We left Weatherford OK this morning before the sun had risen over the eastern horizon. Within 20 minutes or so our car was casting a very long shadow on the pavement precisely in the direction we were travelling. While that felt a little strange -- to be following that shadow so exactly, I was surprised by how sad I felt when I-40 changed direction and our shadow moved to run along beside the road, casting a moving shadow over the fields on our right, our two-wheeled silhouette flashing along, popping up occasionally at fences and narrow strips of trees growing in low spots, then going back flat. It seemed to me as though we were touching those fields in some way, leaving a mark -- which, of course, we were not.
Again today the terrain changed with great speed -- Oklahoma, across the plains of the Texas panhandle, well into New Mexico -- Grants, to be precise. There were times that I would have sworn we could see the curvature of the earth when we looked from horizon to horizon. Then, could come stretches with trees lining the road, other stretches with ridges on either side, those ridges being probably a hundred miles away. At one point we travelled in a straight line for 60 miles, each time we crested a rise seeing the road on the rises before and behind us.
Normally, when I'm not driving I tend to fall sleep. (But, then most of the long distances we drive are on I-95, and it's best to sleep through as much of that as possible.) Again today, though, I didn't sleep at all, watching instead, hoping that I'll remember, knowing, though, that everything my eyes were taking in would likely become a long blur before nightfall, if not before. Truth is, the land -- its mysteries and it surprises -- is stunning, beautiful, forbidding, welcoming, vast. Every passing mile opens up something new, reveals wonders.
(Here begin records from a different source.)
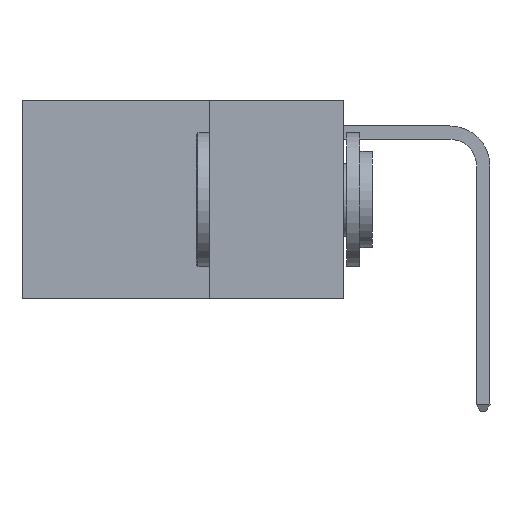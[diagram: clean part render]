
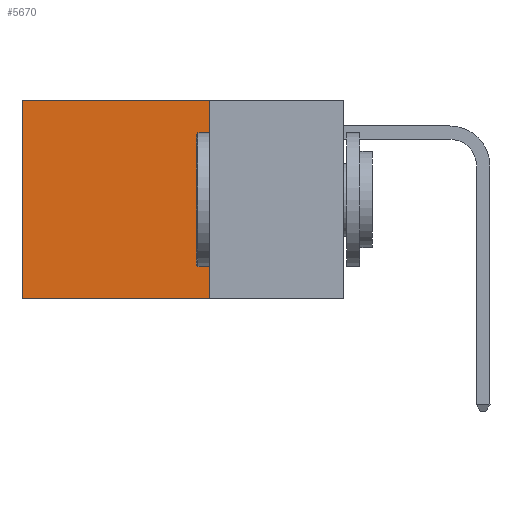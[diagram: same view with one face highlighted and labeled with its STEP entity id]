
A CAD part, left-side view. The second image highlights one B-rep face of the part: STEP entity #5670.
In plain terms, the highlighted planar face has unit normal (-1, 0, 0).
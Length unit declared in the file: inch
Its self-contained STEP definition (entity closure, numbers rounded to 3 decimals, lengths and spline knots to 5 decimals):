
#886 = DIRECTION ( 'NONE',  ( 0., 0., -1. ) ) ;
#1220 = EDGE_CURVE ( 'NONE', #5242, #13661, #16678, .T. ) ;
#1494 = CARTESIAN_POINT ( 'NONE',  ( 0.2625, 0.6, -0.37 ) ) ;
#1855 = FACE_OUTER_BOUND ( 'NONE', #3668, .T. ) ;
#3451 = ORIENTED_EDGE ( 'NONE', *, *, #4221, .T. ) ;
#3668 = EDGE_LOOP ( 'NONE', ( #5160, #16306, #18727, #3451 ) ) ;
#4221 = EDGE_CURVE ( 'NONE', #19881, #21653, #9118, .T. ) ;
#4282 = VECTOR ( 'NONE', #22397, 39.37008 ) ;
#5160 = ORIENTED_EDGE ( 'NONE', *, *, #14125, .T. ) ;
#5242 = VERTEX_POINT ( 'NONE', #20139 ) ;
#5670 = ADVANCED_FACE ( 'NONE', ( #1855 ), #11281, .F. ) ;
#5891 = CARTESIAN_POINT ( 'NONE',  ( 0.2625, 0.25, 0. ) ) ;
#5895 = DIRECTION ( 'NONE',  ( 1., 0., 0. ) ) ;
#7608 = CARTESIAN_POINT ( 'NONE',  ( 0.2625, 0.25, -0.37 ) ) ;
#8099 = LINE ( 'NONE', #20330, #16848 ) ;
#8578 = CARTESIAN_POINT ( 'NONE',  ( 0.2625, 0.25, 0. ) ) ;
#8615 = EDGE_CURVE ( 'NONE', #19881, #5242, #8099, .T. ) ;
#9118 = LINE ( 'NONE', #8578, #4282 ) ;
#10385 = DIRECTION ( 'NONE',  ( 0., 1., 0. ) ) ;
#10437 = LINE ( 'NONE', #22069, #15049 ) ;
#11281 = PLANE ( 'NONE',  #16827 ) ;
#13661 = VERTEX_POINT ( 'NONE', #1494 ) ;
#14125 = EDGE_CURVE ( 'NONE', #21653, #13661, #10437, .T. ) ;
#15049 = VECTOR ( 'NONE', #886, 39.37008 ) ;
#16159 = VECTOR ( 'NONE', #10385, 39.37008 ) ;
#16306 = ORIENTED_EDGE ( 'NONE', *, *, #1220, .F. ) ;
#16457 = CARTESIAN_POINT ( 'NONE',  ( 0.2625, 0.25, 0. ) ) ;
#16563 = CARTESIAN_POINT ( 'NONE',  ( 0.2625, 0.6, 0. ) ) ;
#16678 = LINE ( 'NONE', #7608, #16159 ) ;
#16827 = AXIS2_PLACEMENT_3D ( 'NONE', #16457, #5895, #18172 ) ;
#16848 = VECTOR ( 'NONE', #22030, 39.37008 ) ;
#18172 = DIRECTION ( 'NONE',  ( 0., 0., -1. ) ) ;
#18727 = ORIENTED_EDGE ( 'NONE', *, *, #8615, .F. ) ;
#19881 = VERTEX_POINT ( 'NONE', #5891 ) ;
#20139 = CARTESIAN_POINT ( 'NONE',  ( 0.2625, 0.25, -0.37 ) ) ;
#20330 = CARTESIAN_POINT ( 'NONE',  ( 0.2625, 0.25, 0. ) ) ;
#21653 = VERTEX_POINT ( 'NONE', #16563 ) ;
#22030 = DIRECTION ( 'NONE',  ( 0., 0., -1. ) ) ;
#22069 = CARTESIAN_POINT ( 'NONE',  ( 0.2625, 0.6, 0. ) ) ;
#22397 = DIRECTION ( 'NONE',  ( 0., 1., 0. ) ) ;

I realize it has secrets to share, the land. There are stories that could be told -- human and geographical and geological. As we travel along, I cannot help but wish I understood more about how the terrain has evolved over the eons, and wonder how people have survived in the barren, beautiful, lonely landscape. What were their struggles? Did the joys come anywhere near offsetting those struggles? Perhaps my noticing the 75-mile an hour shadow our car casts constitutes something of a nod of acknowledgement to the land and to those people, most of them nameless and forgotten.
Now, as I write about the day and about shadows, perhaps I am writing not so much about shadows, literal and figurative, as I am about how fleeting life is, how limited the actual marks are that we do leave.